We further demonstrate its applicability in two realworld case studies on the RSA implementation of GnuPG 1.4.13 and the AES routine of openSSL 1.0.1e. Across all attacks, PMCDefender achieves a detection rate of over 99 % and a false-positive rate of less than 1.5 %. The overhead is negligible with a runtime increase of 0.3 % for the RSA implementation and 1.8 % for an AES routine. Based on the results, we conclude that active mitigation of microarchitectural side-channel attacks works and that our approach’s capabilities are sufficient to prevent data leakage.
15:00 - 15:30
Speaker: Dominik Sautter
Type of talk: Master Intro
Advisor: Thorsten Holz, Bhupendra Acharya
Title: ScamChatBot: Analyzing the Fake Technical Support Scam in Social Media via Automated ChatGPT
Research Area: RA3
Abstract:
In the last few years, cryptocurrency users and value has been on the rise. The global market value for cryptocurrency is ever-rising and peaked at $2.9 Trillion in late 2021 [11]. As the market share of cryptocurrency is ever-expanding, phishing attacks often target online wallet accounts. Such attacks are often found to compromise the wallet by either risk of losing access to the wallet or funds being stolen. Thus, it is crucial to understand the mechanics of cryptocurrency attacks and scams in the wild.
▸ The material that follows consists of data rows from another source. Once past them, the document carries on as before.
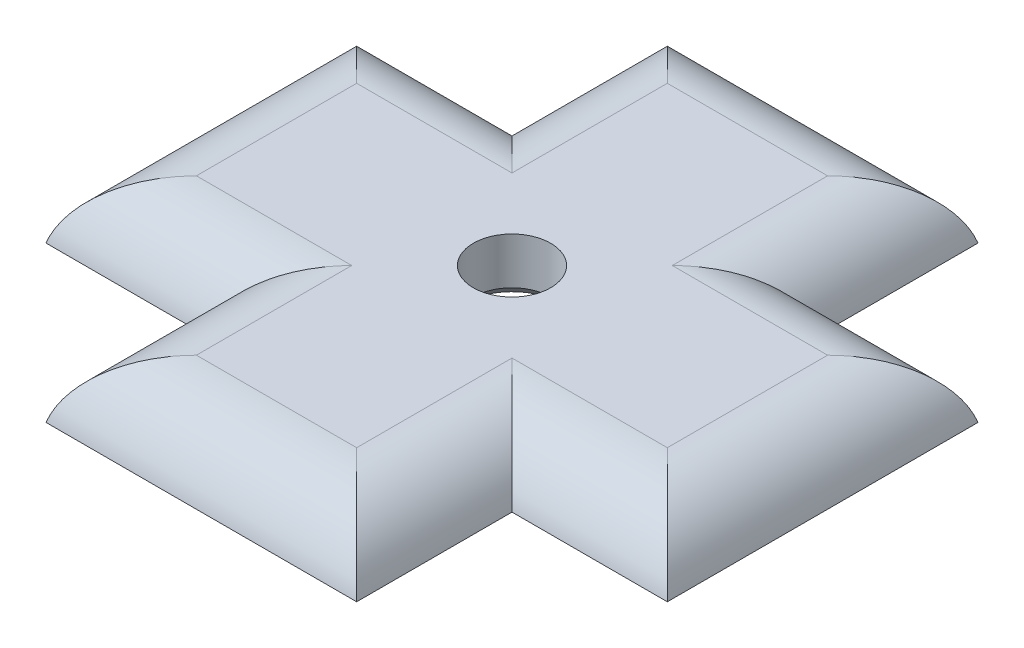
from build123d import *

# Parameters (mm, degrees)
BOSS_EXTRUDE1_DEPTH = 7.5
FILLET1_R           = 10
SKETCH2_R           = 4.975
CUT_EXTRUDE1_DEPTH  = 7.5
CHAMFER1_SIZE       = 1.5


with BuildPart() as part:
    # Sketch1 → Boss-Extrude1 (new body)
    with BuildSketch(Plane(origin=(0, 0, 0), x_dir=(1, 0, 0), z_dir=(0, 1, 0))):
        Polygon((60, 0), (20, 0), (20, -20), (0, -20), (0, -60), (20, -60), (20, -80), (60, -80), (60, -60), (80, -60), (80, -20), (60, -20), align=None)
    extrude(amount=BOSS_EXTRUDE1_DEPTH)

    # Fillet1
    # the kernel refuses this fillet: 10 mm, written as the material it takes off along each edge
    with BuildSketch(Plane(origin=(20, 7.5, -24.206145914), x_dir=(0, -1, 0), z_dir=(0, 0, 1)), Plane(origin=(60, 7.5, 20), x_dir=(0, -1, 0), z_dir=(0, 0, -1)), Plane(origin=(104.206145914, 7.5, 20), x_dir=(0, -1, 0), z_dir=(-1, 0, 0)), Plane(origin=(60, 7.5, 60), x_dir=(0, -1, 0), z_dir=(1, 0, 0)), Plane(origin=(60, 7.5, 104.206145914), x_dir=(0, -1, 0), z_dir=(0, 0, -1)), Plane(origin=(20, 7.5, 60), x_dir=(0, -1, 0), z_dir=(0, 0, 1)), Plane(origin=(-24.206145914, 7.5, 60), x_dir=(0, -1, 0), z_dir=(1, 0, 0)), Plane(origin=(20, 7.5, 20), x_dir=(0, -1, 0), z_dir=(-1, 0, 0))) as fillet1_piece_1:
        with BuildLine():
            CenterArc((10, 9.682458366), FILLET1_R, 180, 75.522487814)
            Line((0, 9.682458366), (-0.2, 9.682458366))
            Line((-0.2, 9.682458366), (-0.2, 0))
            Line((-0.2, 0), (0, -0.2))
            ThreePointArc((0, -0.2), (3.75, -0.2), (7.45, -0.193649167))
            Line((7.45, -0.193649167), (7.5, 0))
        make_face()
    extrude(amount=44.206145914, mode=Mode.SUBTRACT)
    with BuildSketch(Plane(origin=(84.206145914, 7.5, 0), x_dir=(0, -1, 0), z_dir=(-1, 0, 0)), Plane(origin=(80, 7.5, 84.206145914), x_dir=(0, -1, 0), z_dir=(0, 0, -1)), Plane(origin=(-4.206145914, 7.5, 80), x_dir=(0, -1, 0), z_dir=(1, 0, 0)), Plane(origin=(0, 7.5, -4.206145914), x_dir=(0, -1, 0), z_dir=(0, 0, 1))) as fillet1_piece_2:
        with BuildLine():
            CenterArc((10, 9.682458366), FILLET1_R, 180, 75.522487814)
            Line((0, 9.682458366), (-0.2, 9.682458366))
            Line((-0.2, 9.682458366), (-0.2, 0))
            Line((-0.2, 0), (0, -0.2))
            ThreePointArc((0, -0.2), (3.75, -0.2), (7.45, -0.193649167))
            Line((7.45, -0.193649167), (7.5, 0))
        make_face()
    extrude(amount=88.412291828, mode=Mode.SUBTRACT)
    with BuildSketch(Plane(origin=(20, 7.5, -24.206145914), x_dir=(0, -1, 0), z_dir=(0, 0, 1))) as fillet1_piece_3a_section:
        with BuildLine():
            CenterArc((10, 9.682458366), FILLET1_R, 180, 75.522487814)
            Line((0, 9.682458366), (-0.2, 9.682458366))
            Line((-0.2, 9.682458366), (-0.2, 0))
            Line((-0.2, 0), (0, -0.2))
            ThreePointArc((0, -0.2), (3.75, -0.2), (7.45, -0.193649167))
            Line((7.45, -0.193649167), (7.5, 0))
        make_face()
    fillet1_piece_3a = extrude(amount=68.412291828, mode=Mode.PRIVATE)
    fillet1_piece_3a = split(fillet1_piece_3a, bisect_by=Plane(origin=(22.281441008, 5.604082443, 20), z_dir=(0, 0, 1)), keep=Keep.TOP, mode=Mode.PRIVATE)
    with BuildSketch(Plane(origin=(44.206145914, 7.5, 20), x_dir=(0, -1, 0), z_dir=(-1, 0, 0))) as fillet1_piece_3b_section:
        with BuildLine():
            CenterArc((10, 9.682458366), FILLET1_R, 180, 75.522487814)
            Line((0, 9.682458366), (-0.2, 9.682458366))
            Line((-0.2, 9.682458366), (-0.2, 0))
            Line((-0.2, 0), (0, -0.2))
            ThreePointArc((0, -0.2), (3.75, -0.2), (7.45, -0.193649167))
            Line((7.45, -0.193649167), (7.5, 0))
        make_face()
    fillet1_piece_3b = extrude(amount=68.412291828, mode=Mode.PRIVATE)
    fillet1_piece_3b = split(fillet1_piece_3b, bisect_by=Plane(origin=(20, 5.604082443, 22.281441008), z_dir=(1, 0, 0)), keep=Keep.TOP, mode=Mode.PRIVATE)
    fillet1_piece_3 = fillet1_piece_3a & fillet1_piece_3b
    add(fillet1_piece_3, mode=Mode.SUBTRACT)
    with BuildSketch(Plane(origin=(104.206145914, 7.5, 20), x_dir=(0, -1, 0), z_dir=(-1, 0, 0))) as fillet1_piece_4a_section:
        with BuildLine():
            CenterArc((10, 9.682458366), FILLET1_R, 180, 75.522487814)
            Line((0, 9.682458366), (-0.2, 9.682458366))
            Line((-0.2, 9.682458366), (-0.2, 0))
            Line((-0.2, 0), (0, -0.2))
            ThreePointArc((0, -0.2), (3.75, -0.2), (7.45, -0.193649167))
            Line((7.45, -0.193649167), (7.5, 0))
        make_face()
    fillet1_piece_4a = extrude(amount=68.412291828, mode=Mode.PRIVATE)
    fillet1_piece_4a = split(fillet1_piece_4a, bisect_by=Plane(origin=(60, 5.604082443, 22.281441008), z_dir=(-1, 0, 0)), keep=Keep.TOP, mode=Mode.PRIVATE)
    with BuildSketch(Plane(origin=(60, 7.5, 44.206145914), x_dir=(0, -1, 0), z_dir=(0, 0, -1))) as fillet1_piece_4b_section:
        with BuildLine():
            CenterArc((10, 9.682458366), FILLET1_R, 180, 75.522487814)
            Line((0, 9.682458366), (-0.2, 9.682458366))
            Line((-0.2, 9.682458366), (-0.2, 0))
            Line((-0.2, 0), (0, -0.2))
            ThreePointArc((0, -0.2), (3.75, -0.2), (7.45, -0.193649167))
            Line((7.45, -0.193649167), (7.5, 0))
        make_face()
    fillet1_piece_4b = extrude(amount=68.412291828, mode=Mode.PRIVATE)
    fillet1_piece_4b = split(fillet1_piece_4b, bisect_by=Plane(origin=(57.718558992, 5.604082443, 20), z_dir=(0, 0, 1)), keep=Keep.TOP, mode=Mode.PRIVATE)
    fillet1_piece_4 = fillet1_piece_4a & fillet1_piece_4b
    add(fillet1_piece_4, mode=Mode.SUBTRACT)
    with BuildSketch(Plane(origin=(60, 7.5, 104.206145914), x_dir=(0, -1, 0), z_dir=(0, 0, -1))) as fillet1_piece_5a_section:
        with BuildLine():
            CenterArc((10, 9.682458366), FILLET1_R, 180, 75.522487814)
            Line((0, 9.682458366), (-0.2, 9.682458366))
            Line((-0.2, 9.682458366), (-0.2, 0))
            Line((-0.2, 0), (0, -0.2))
            ThreePointArc((0, -0.2), (3.75, -0.2), (7.45, -0.193649167))
            Line((7.45, -0.193649167), (7.5, 0))
        make_face()
    fillet1_piece_5a = extrude(amount=68.412291828, mode=Mode.PRIVATE)
    fillet1_piece_5a = split(fillet1_piece_5a, bisect_by=Plane(origin=(57.718558992, 5.604082443, 60), z_dir=(0, 0, -1)), keep=Keep.TOP, mode=Mode.PRIVATE)
    with BuildSketch(Plane(origin=(35.793854086, 7.5, 60), x_dir=(0, -1, 0), z_dir=(1, 0, 0))) as fillet1_piece_5b_section:
        with BuildLine():
            CenterArc((10, 9.682458366), FILLET1_R, 180, 75.522487814)
            Line((0, 9.682458366), (-0.2, 9.682458366))
            Line((-0.2, 9.682458366), (-0.2, 0))
            Line((-0.2, 0), (0, -0.2))
            ThreePointArc((0, -0.2), (3.75, -0.2), (7.45, -0.193649167))
            Line((7.45, -0.193649167), (7.5, 0))
        make_face()
    fillet1_piece_5b = extrude(amount=68.412291828, mode=Mode.PRIVATE)
    fillet1_piece_5b = split(fillet1_piece_5b, bisect_by=Plane(origin=(60, 5.604082443, 57.718558992), z_dir=(-1, 0, 0)), keep=Keep.TOP, mode=Mode.PRIVATE)
    fillet1_piece_5 = fillet1_piece_5a & fillet1_piece_5b
    add(fillet1_piece_5, mode=Mode.SUBTRACT)
    with BuildSketch(Plane(origin=(-24.206145914, 7.5, 60), x_dir=(0, -1, 0), z_dir=(1, 0, 0))) as fillet1_piece_6a_section:
        with BuildLine():
            CenterArc((10, 9.682458366), FILLET1_R, 180, 75.522487814)
            Line((0, 9.682458366), (-0.2, 9.682458366))
            Line((-0.2, 9.682458366), (-0.2, 0))
            Line((-0.2, 0), (0, -0.2))
            ThreePointArc((0, -0.2), (3.75, -0.2), (7.45, -0.193649167))
            Line((7.45, -0.193649167), (7.5, 0))
        make_face()
    fillet1_piece_6a = extrude(amount=68.412291828, mode=Mode.PRIVATE)
    fillet1_piece_6a = split(fillet1_piece_6a, bisect_by=Plane(origin=(20, 5.604082443, 57.718558992), z_dir=(1, 0, 0)), keep=Keep.TOP, mode=Mode.PRIVATE)
    with BuildSketch(Plane(origin=(20, 7.5, 35.793854086), x_dir=(0, -1, 0), z_dir=(0, 0, 1))) as fillet1_piece_6b_section:
        with BuildLine():
            CenterArc((10, 9.682458366), FILLET1_R, 180, 75.522487814)
            Line((0, 9.682458366), (-0.2, 9.682458366))
            Line((-0.2, 9.682458366), (-0.2, 0))
            Line((-0.2, 0), (0, -0.2))
            ThreePointArc((0, -0.2), (3.75, -0.2), (7.45, -0.193649167))
            Line((7.45, -0.193649167), (7.5, 0))
        make_face()
    fillet1_piece_6b = extrude(amount=68.412291828, mode=Mode.PRIVATE)
    fillet1_piece_6b = split(fillet1_piece_6b, bisect_by=Plane(origin=(22.281441008, 5.604082443, 60), z_dir=(0, 0, -1)), keep=Keep.TOP, mode=Mode.PRIVATE)
    fillet1_piece_6 = fillet1_piece_6a & fillet1_piece_6b
    add(fillet1_piece_6, mode=Mode.SUBTRACT)

    # Sketch2 → Cut-Extrude1 (cut)
    with BuildSketch(Plane(origin=(0, 0, 0), x_dir=(1, 0, 0), z_dir=(0, 1, 0))):
        with Locations(Location((40, -40, 0), (0, 0, 270))):
            Circle(SKETCH2_R)
    extrude(amount=CUT_EXTRUDE1_DEPTH, mode=Mode.SUBTRACT)

    # Chamfer1
    chamfer1_edges = [part.edges().sort_by_distance(p)[0] for p in [
        (40, 0, 35.025),
    ]]
    chamfer(chamfer1_edges, length=CHAMFER1_SIZE)


solid = part.part
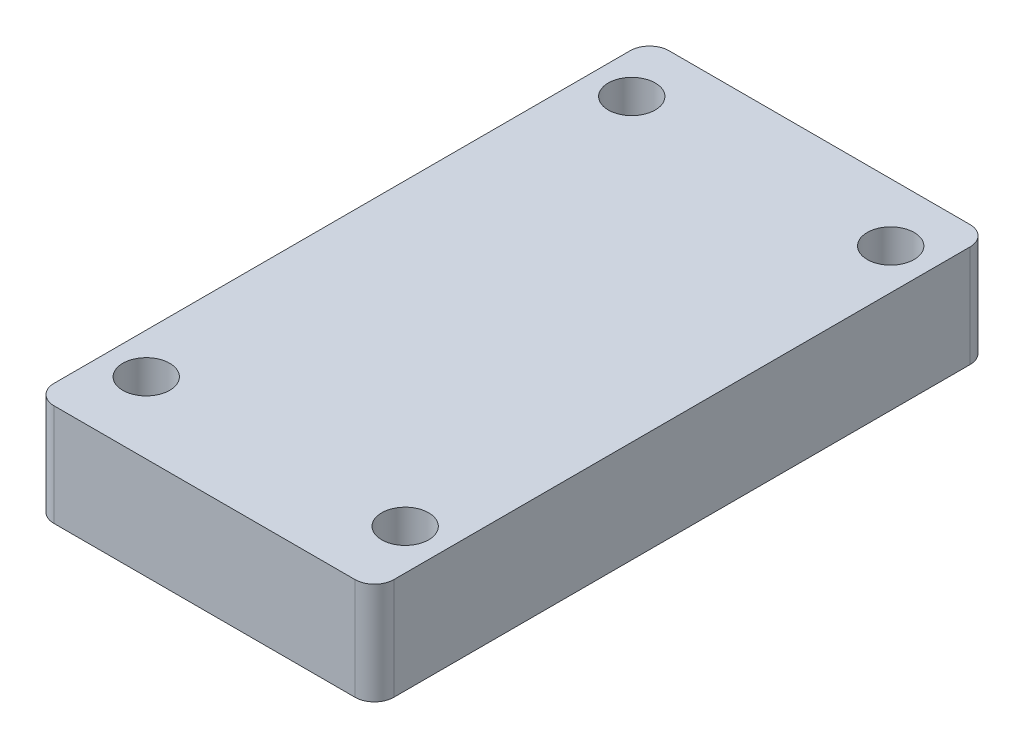
from build123d import *

# Parameters (mm, degrees)
SKETCH_1_W          = 21
SKETCH_1_H          = 38
EXTRUDE_1_DEPTH     = 6.3
FILLET_1_R          = 1.2
SKETCH_2_R          = 1.45
CUT_EXTRUDE_1_DEPTH = 23.60398195


with BuildPart() as part:
    # 草图1 → 凸台-拉伸1 (new body)
    with BuildSketch(Plane(origin=(0, 0, 0), x_dir=(1, 0, 0), z_dir=(0, 1, 0))):
        Rectangle(SKETCH_1_W, SKETCH_1_H)
    extrude(amount=EXTRUDE_1_DEPTH)

    # 圆角1
    fillet_1_edges = [part.edges().sort_by_distance(p)[0] for p in [
        (-10.5, 3.15, -19),
        (10.5, 3.15, -19),
        (-10.5, 3.15, 19),
        (10.5, 3.15, 19),
    ]]
    fillet(fillet_1_edges, radius=FILLET_1_R)

    # 草图2 → 切除-拉伸1 (cut, through all)
    with BuildSketch(Plane(origin=(0, 6.3, 0), x_dir=(1, 0, 0), z_dir=(0, 1, 0))):
        with Locations((-8, 15.4)):
            Circle(SKETCH_2_R)
        with Locations((8, 15.4)):
            Circle(SKETCH_2_R)
        with Locations((-8, -14.6)):
            Circle(SKETCH_2_R)
        with Locations((8, -14.6)):
            Circle(SKETCH_2_R)
    extrude(amount=-CUT_EXTRUDE_1_DEPTH, mode=Mode.SUBTRACT)


solid = part.part

Moreover, the market trend for users is shifting where one in every three social media users prefers to reach the brand or business support via social media. Thus, it is not surprising to see users with technical issues reaching out to the brand via popular social media such as Twitter, Instagram, and others. This has lately attracted scammers to perform fake technical support scams via interaction with users’ public posts based on technical issues. Users seeking technical help via social media are often lured to share their credentials and private keys via direct messaging. In this work, we plan to interact with scammers who pretend to act as providing official technical support to regular Internet users. Regular Internet users often seek solutions related to the technical issue by searching on Google and posting on social media such as Facebook, Twitter, and Instagram. Apparently, this kind of search or posts in social media often lures such scammers whose intention is to fake as official support. Our motive is to understand such behavioral end-to-end analysis of chatting with scammers and analyze the tricks that scammers play in monetizing regular Internet users. In order to perform large-scale systematized work, we plan to integrate a ChatGPT-based automated end-to-end analysis of fake technical support by posting a honey tweet on Twitter. The automated chat system collects the scammer’s preferred payment profile. For the collected payment profile we plan to track and provide insights on money laundering techniques by analyzing the digital footprint of scammers.